BBc News - Monday, 11 November, 2002
He has announced that his charity, the Bill and Melinda Gates Foundation, is making a $100m grant to tackle the issue of Aids in India.
The announcement, however, has been overshadowed by a row caused by a US report which estimates that the number of people in India with HIV will multiply more than five times in the next decade.
At a news conference on Monday Bill Gates said: "HIV-Aids is at a relatively low level in India and experience shows that countries that act at an early stage can prevent the disease from becoming widespread."
But Mr Gates and the US Ambassador in New Delhi, Robert Blackwill, were accused by the Indian Health Minister of "spreading panic" among the general public by talking about dramatic increases in HIV-Aids cases.
Targeting the vulnerable
The Gates Foundation money will be targeted at mobile groups such as truck drivers, migrants and labourers who are seen as particularly vulnerable to HIV infection.
Bill Gates said that the money would also be used to tackle the social stigma attached to Aids in India.
But on Friday Indian Health Minister Shatrugan Sinha described the US projection that the number of people living with HIV-Aids could rise from the current level of 4 million people to 25 million by 2010 as "completely inaccurate".
The Health Minister later said: "I don't think anyone should contribute to spreading panic among the general public."

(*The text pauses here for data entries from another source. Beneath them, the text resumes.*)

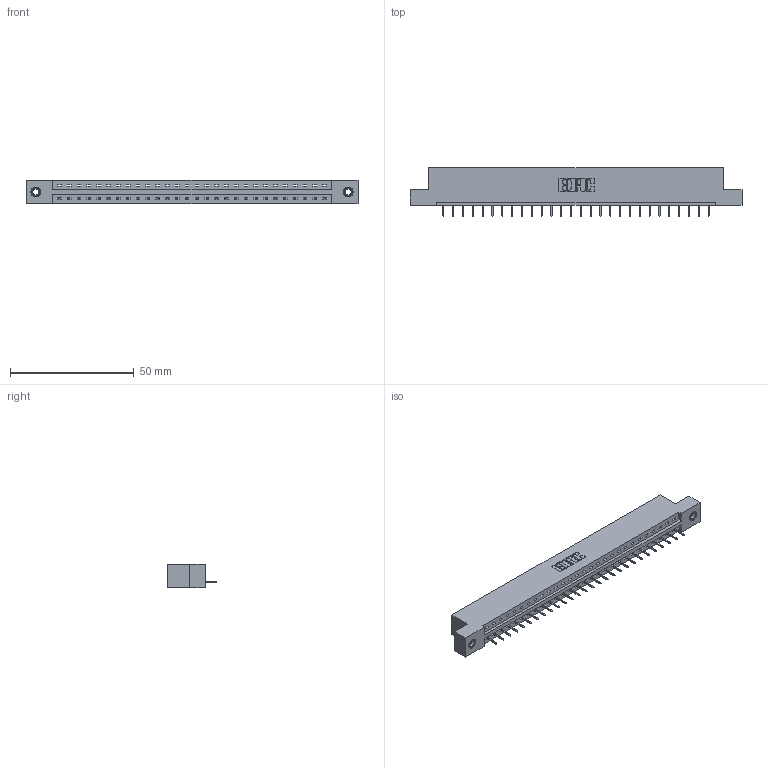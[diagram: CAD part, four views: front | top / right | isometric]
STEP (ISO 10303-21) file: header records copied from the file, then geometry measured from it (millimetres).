
FILE_DESCRIPTION (( 'STEP AP203' ), '1' );
FILE_NAME ('387-028-524-107.STEP', '2019-10-03T16:06:17', ( '' ), ( '' ), 'SwSTEP 2.0', 'SolidWorks 2016', '' );
FILE_SCHEMA (( 'CONFIG_CONTROL_DESIGN' ));
Length unit declared in the file: inch
Products named in the file (4): 345-250-001_345-250-005-103; 387-028-524-107; 337 Part_Flush Mounting Lugs - 0.156 Dia-TI; 345-292-001_345-293-124
Assembly tree (31 placements, depth 2):
  387-028-524-107
    337 Part_Flush Mounting Lugs - 0.156 Dia-TI
    345-292-001_345-293-124  x28
    345-250-001_345-250-005-103  x2
Bounding box: 133.96 x 19.69 x 9.4 mm (x, y, z)
Volume: 13623.5 mm3; surface area: 13652.3 mm2
Topology: 31 solids, 31 shells, 2022 faces, 5823 edges, 3762 vertices
Faces by surface type: plane 1558, cylinder 448, cone 12, torus 4
Entity records: 23884 total; most frequent: CARTESIAN_POINT 4137, ORIENTED_EDGE 4094, DIRECTION 3545, EDGE_CURVE 2047, VECTOR 1903, LINE 1903, VERTEX_POINT 1356, AXIS2_PLACEMENT_3D 821

Nevertheless, Mr Sinha will chair the board that administers the Gates Foundation's programme.
And after a meeting with Indian Prime Minister Atal Behari Vajpayee, Mr Gates said " Mr Vajpayee appreciated the foundation's work and was very supportive of our activities."
New investments
The world's richest man is being treated like a visiting head of state during his visit to India.
In addition to his meeting with the Prime Minister, Bill Gates is due to meet with the President of India, Abdul Kalam.
He will also meet leading figures from India's burgeoning information technology industry when he visits the country's centres of IT in Bangalore and Hyderabad.
Mr Gates is expected to make some announcements about new investments in India by his company, Microsoft, but none has been confirmed.